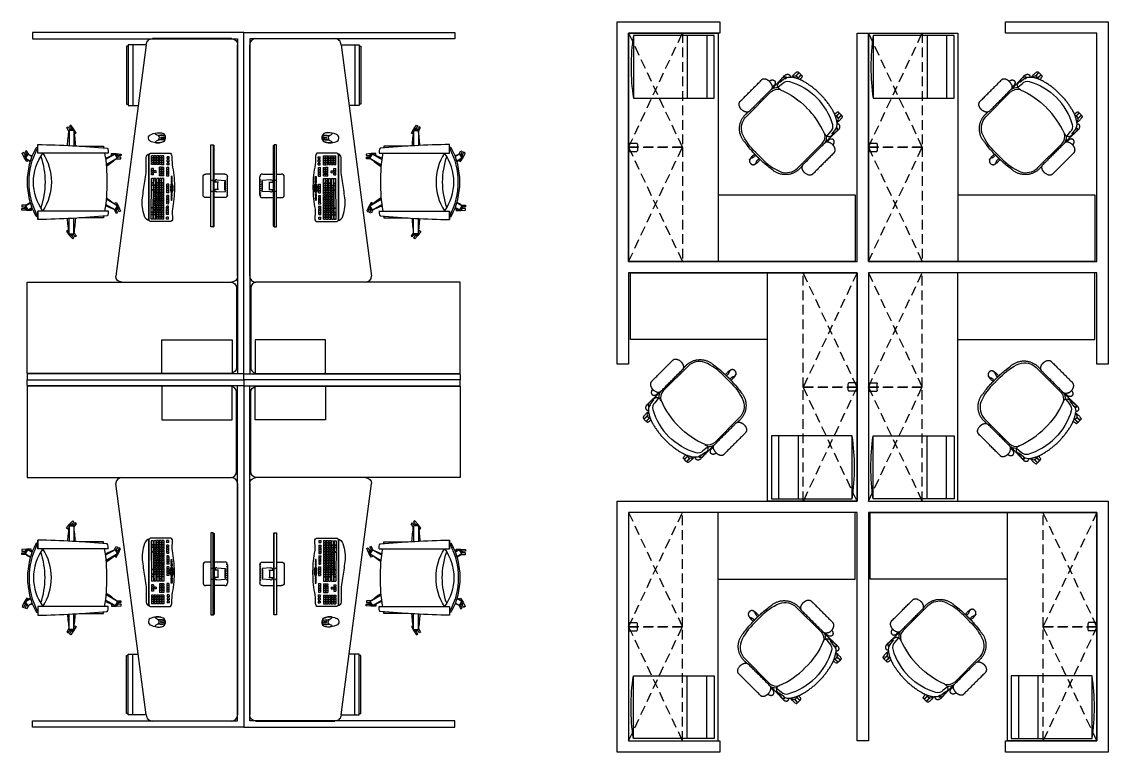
# Model space of a CAD drawing. Header units: millimetres. Extents: x 3122 to 31499, y 2297 to 20525.
# Drawn here: x 24354 to 31489, y 12584 to 17384 of the extents above; entities that cross this region are included whole.
import ezdxf

# ---------------------------------------------------------------- set-up
doc = ezdxf.new("R2010")
doc.units = ezdxf.units.MM
doc.linetypes.add('HIDDEN', pattern=[9.525, 6.35, -3.175])
doc.layers.add('dwgmodels.com', color=250, linetype='Continuous')

# ---------------------------------------------------------------- blocks, each defined once
blk = doc.blocks.new('Dell S2340T 23-Inch 10-point Multi-Touch Monitor')
at = {"color": 0}
for p, q in [((-77.3, -17.2), (-77.3, -88.7)), ((-40.1, -70.4), (-36, -14.3)), ((-29.2, -14.3), (-29.2, -17.2)), ((-28.6, -14.3), (-28.6, -16.6)), ((-24.6, -60.1), (-24.6, -82.1)), ((-24.6, -60.1), (-24, -60.1)), ((-24, -60.1), (-24, -88.7)), ((-24, -62.9), (24, -62.9)), ((24, -60.1), (24, -88.7)), ((24, -60.1), (24.6, -60.1)), ((24.6, -60.1), (24.6, -82.1)), ((28.6, -14.3), (28.6, -16.6)), ((29.2, -14.3), (29.2, -17.2)), ((40.1, -70.4), (36, -14.3)), ((77.3, -17.2), (77.3, -88.7)), ((-268.9, -94.4), (-264.1, -88.7)), ((-264.1, -88.7), (264.1, -88.7)), ((-77.3, -108.7), (-77.3, -143.1)), ((77.3, -108.7), (77.3, -143.1)), ((268.9, -94.4), (264.1, -88.7))]:
    blk.add_line(p, q, dxfattribs=at)
for points in [[(-60.1, 0), (60.1, 0)], [(-36, -14.3), (36, -14.3)], [(-29.2, -17.2), (29.2, -17.2)], [(-28.6, -16.6), (28.6, -16.6)], [(-268.9, -108.7), (268.9, -108.7), (268.9, -94.4), (-268.9, -94.4), (-268.9, -108.7)], [(-60.1, -160.2), (60.1, -160.2)]]:
    blk.add_lwpolyline(points, dxfattribs=at)
for points in [[(-40.1, -70.4, 0.263666), (-36.6, -80.4), (-33.6, -82.1), (-24.6, -82.1)], [(40.1, -70.4, -0.263666), (36.6, -80.4), (33.6, -82.1), (24.6, -82.1)]]:
    blk.add_lwpolyline(points, format="xyb", dxfattribs=at)
for centre, radius in [((-60.7, -3.8), 1.73), ((-46.4, -3.8), 1.73), ((-32.1, -3.8), 1.73), ((-17.8, -3.8), 1.73), ((-3.5, -3.8), 1.73), ((10.8, -3.8), 1.73), ((25.1, -3.8), 1.73), ((39.4, -3.8), 1.73), ((-35.8, -101.6), 1.14), ((35.8, -101.6), 1.14)]:
    blk.add_circle(centre, radius, dxfattribs=at)
for centre, start, end in [((-60.1, -17.2), 90, 180), ((60.1, -17.2), 0, 90), ((-60.1, -143.1), 180, 270), ((60.1, -143.1), 270, 0)]:
    blk.add_arc(centre, 17.2, start, end, dxfattribs=at)
blk = doc.blocks.new('keyboard_top')
at = {"color": 0, "lineweight": -2}
for points in [[(232.7, -75.8), (232.5, -26.1, 0.165941), (205.2, -17, -0.04592), (140.6, -11.5, 0.046884), (0, 0, 0.043941), (-135.1, -13.6, -0.081459), (-182.3, -12, 0.073722), (-205.6, -12.8, 0.278236), (-217.5, -23.3), (-217, -153.6, 0.414214), (-202, -168.5), (218.1, -167, 0.414214), (233, -151.9)], [(218.1, -167), (-202, -168.5, -0.198912), (-212.6, -164.1, 0.237087), (-180.8, -196.4, 0.110077), (-61.5, -209.4, 0.017919), (46.8, -193.4, -0.053396), (160.8, -184.8, 0.017301), (204.1, -184.6, 0.36209), (228, -163.1, -0.184401), (218.1, -167)]]:
    blk.add_lwpolyline(points, format="xyb", close=True, dxfattribs=at)
for points in [[(-200.6, -38.1), (-188.6, -38.1)], [(-200.6, -38.1), (-200.5, -51.1)], [(-200.5, -51.1), (-188.5, -51.1)], [(-200.5, -70), (-188.5, -69.9)], [(-200.5, -70), (-200.4, -83)], [(-188.6, -38.1), (-188.5, -51.1)], [(-188.5, -69.9), (-188.4, -82.9)], [(-185.4, -69.9), (-185.3, -82.9)], [(-185.4, -69.9), (-173.4, -69.9)], [(-173.4, -69.9), (-173.3, -82.9)], [(-171.5, -38), (-171.4, -51)], [(-171.5, -38), (-159.5, -38)], [(-171.4, -51), (-159.4, -51)], [(-170.3, -69.8), (-170.2, -82.8)], [(-170.3, -69.8), (-158.3, -69.8)], [(-159.5, -38), (-159.4, -51)], [(-158.3, -69.8), (-158.2, -82.8)], [(-156.4, -38), (-144.4, -37.9)], [(-156.4, -38), (-156.3, -51)], [(-156.3, -51), (-144.3, -50.9)], [(-156.1, -69.8), (-144.1, -69.7)], [(-156.1, -69.8), (-156, -82.8)], [(-144.4, -37.9), (-144.3, -50.9)], [(-144.1, -69.7), (-144, -82.7)], [(-142.2, -37.9), (-130.2, -37.9)], [(-142.2, -37.9), (-142.1, -50.9)], [(-142.1, -50.9), (-130.1, -50.9)], [(-141, -69.7), (-140.9, -82.7)], [(-141, -69.7), (-129, -69.7)], [(-130.2, -37.9), (-130.1, -50.9)], [(-129, -69.7), (-128.9, -82.7)], [(-127.1, -37.9), (-115.1, -37.8)], [(-127.1, -37.9), (-127.1, -50.9)], [(-127.1, -50.9), (-115.1, -50.8)], [(-125.9, -69.7), (-113.9, -69.6)], [(-125.9, -69.7), (-125.9, -82.7)], [(-115.1, -37.8), (-115.1, -50.8)], [(-113.9, -69.6), (-113.9, -82.6)], [(-111.8, -69.6), (-99.8, -69.6)], [(-111.8, -69.6), (-111.8, -82.6)], [(-101.5, -37.8), (-89.5, -37.7)], [(-101.5, -37.8), (-101.4, -50.8)], [(-101.4, -50.8), (-89.4, -50.7)], [(-99.8, -69.6), (-99.8, -82.6)], [(-96.7, -69.6), (-84.7, -69.5)], [(-96.7, -69.6), (-96.7, -82.6)], [(-89.5, -37.7), (-89.4, -50.7)], [(-86.4, -37.7), (-86.3, -50.7)], [(-86.4, -37.7), (-74.4, -37.7)], [(-86.3, -50.7), (-74.3, -50.7)], [(-84.7, -69.5), (-84.7, -82.5)], [(-81.6, -69.5), (-81.6, -82.5)], [(-81.6, -69.5), (-69.6, -69.5)], [(-74.4, -37.7), (-74.3, -50.7)], [(-72.2, -37.7), (-60.2, -37.6)], [(-72.2, -37.7), (-72.1, -50.7)], [(-72.1, -50.7), (-60.1, -50.6)], [(-69.6, -69.5), (-69.6, -82.5)], [(-67.5, -69.5), (-55.5, -69.4)], [(-67.5, -69.5), (-67.5, -82.5)], [(-60.2, -37.6), (-60.1, -50.6)], [(-57.1, -37.6), (-57, -50.6)], [(-57.1, -37.6), (-45.1, -37.6)], [(-57, -50.6), (-45, -50.6)], [(-55.5, -69.4), (-55.5, -82.4)], [(-52.4, -69.4), (-52.4, -82.4)], [(-52.4, -69.4), (-40.4, -69.4)], [(-45.1, -37.6), (-45, -50.6)], [(-40.4, -69.4), (-40.4, -82.4)], [(-37.3, -69.4), (-25.3, -69.3)], [(-37.3, -69.4), (-37.3, -82.4)], [(-27.8, -37.5), (-27.7, -50.5)], [(-27.8, -37.5), (-15.8, -37.5)], [(-27.7, -50.5), (-15.7, -50.5)], [(-27.5, -18.5), (1, -18.5)], [(-26.4, -15.9), (1, -15.8)], [(-25.3, -69.3), (-25.3, -82.3)], [(-22.8, -69.3), (-10.8, -69.3)], [(-22.8, -69.3), (-22.8, -82.3)], [(-15.8, -37.5), (-15.7, -50.5)], [(-12.7, -37.5), (-0.7, -37.4)], [(-12.7, -37.5), (-12.6, -50.5)], [(-12.6, -50.5), (-0.6, -50.4)], [(-10.8, -69.3), (-10.8, -82.3)], [(-7.8, -69.2), (-7.7, -82.2)], [(-7.8, -69.2), (4.2, -69.2)], [(-0.7, -37.4), (-0.6, -50.4)], [(0.9, -7.4), (1, -15.8)], [(1, -18.5), (1, -25.4)], [(1.5, -37.4), (13.5, -37.4)], [(1.5, -37.4), (1.6, -50.4)], [(1.6, -50.4), (13.6, -50.4)], [(4.2, -69.2), (4.3, -82.2)], [(4.3, -7.4), (4.6, -15.7)], [(4.6, -15.7), (30.2, -15.7)], [(4.6, -18.5), (30.3, -18.4)], [(4.6, -18.5), (4.8, -25.4)], [(7.3, -69.2), (19.3, -69.1)], [(7.3, -69.2), (7.4, -82.2)], [(13.5, -37.4), (13.6, -50.4)], [(16.6, -37.3), (16.7, -50.3)], [(16.6, -37.3), (28.6, -37.3)], [(16.7, -50.3), (28.7, -50.3)], [(19.3, -69.1), (19.4, -82.1)], [(22.9, -69.1), (34.9, -69.1)], [(22.9, -69.1), (22.9, -82.1)], [(28.6, -37.3), (28.7, -50.3)], [(34.9, -69.1), (34.9, -82.1)], [(38, -69.1), (65.1, -69)], [(38, -69.1), (38, -82.1)], [(65.1, -69), (65.1, -82)], [(81.6, -37.1), (81.6, -50.1)], [(81.6, -37.1), (93.6, -37.1)], [(81.6, -50.1), (93.6, -50.1)], [(83, -68.9), (83.1, -81.9)], [(83, -68.9), (95, -68.9)], [(93.6, -37.1), (93.6, -50.1)], [(95, -68.9), (95.1, -81.9)], [(96.6, -37), (96.7, -50)], [(96.6, -37), (108.6, -37)], [(96.7, -50), (108.7, -50)], [(98.1, -68.9), (110.1, -68.8)], [(98.1, -68.9), (98.1, -81.9)], [(108.6, -37), (108.7, -50)], [(110.1, -68.8), (110.1, -81.8)], [(110.8, -37), (122.8, -37)], [(110.8, -37), (110.9, -50)], [(110.9, -50), (122.9, -50)], [(112.3, -68.8), (124.3, -68.8)], [(112.3, -68.8), (112.3, -81.8)], [(122.8, -37), (122.9, -50)], [(124.3, -68.8), (124.3, -81.8)], [(125.9, -36.9), (126, -49.9)], [(125.9, -36.9), (137.9, -36.9)], [(126, -49.9), (138, -49.9)], [(127.4, -68.8), (139.4, -68.7)], [(127.4, -68.8), (127.4, -81.8)], [(137.9, -36.9), (138, -49.9)], [(139.4, -68.7), (139.4, -81.7)], [(155.8, -34.6), (155.8, -47.6)], [(155.8, -34.6), (167.8, -34.6)], [(155.8, -47.6), (167.8, -47.6)], [(156.9, -68.6), (156.9, -81.6)], [(156.9, -68.6), (168.9, -68.6)], [(167.8, -34.6), (167.8, -47.6)], [(168.9, -68.6), (168.9, -81.6)], [(172, -68.6), (184, -68.5)], [(172, -68.6), (172, -81.6)], [(176.3, -34), (188.3, -33.9)], [(176.3, -34), (176.3, -47)], [(176.3, -47), (188.3, -46.9)], [(184, -68.5), (184, -81.5)], [(187.1, -68.5), (187.1, -81.5)], [(187.1, -68.5), (199.1, -68.5)], [(188.3, -33.9), (188.3, -46.9)], [(197.2, -33.9), (197.2, -46.9)], [(197.2, -33.9), (209.2, -33.9)], [(197.2, -46.9), (209.2, -46.9)], [(199.1, -68.5), (199.1, -81.5)], [(202.2, -68.5), (214.2, -68.4)], [(202.2, -68.5), (202.2, -81.5)], [(209.2, -33.9), (209.2, -46.9)], [(214.2, -68.4), (214.2, -81.4)], [(-200.4, -83), (-188.4, -82.9)], [(-200.4, -86.5), (-188.4, -86.5)], [(-200.4, -86.5), (-200.3, -99.5)], [(-200.3, -99.5), (-188.3, -99.5)], [(-200.3, -103.9), (-188.3, -103.9)], [(-200.3, -103.9), (-200.3, -116.9)], [(-200.3, -116.9), (-188.3, -116.9)], [(-200.3, -121.9), (-173.2, -121.8)], [(-200.3, -121.9), (-200.2, -134.9)], [(-200.2, -134.9), (-173.1, -134.8)], [(-200.2, -139.1), (-173.1, -139)], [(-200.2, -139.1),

• • • •

§ What you will do: Search the entries above for the string "color", and report each line where it occurs.

§ Response area:
doc.layers.add('dwgmodels.com', color=250, linetype='Continuous')
at = {"color": 0}
at = {"color": 0, "lineweight": -2}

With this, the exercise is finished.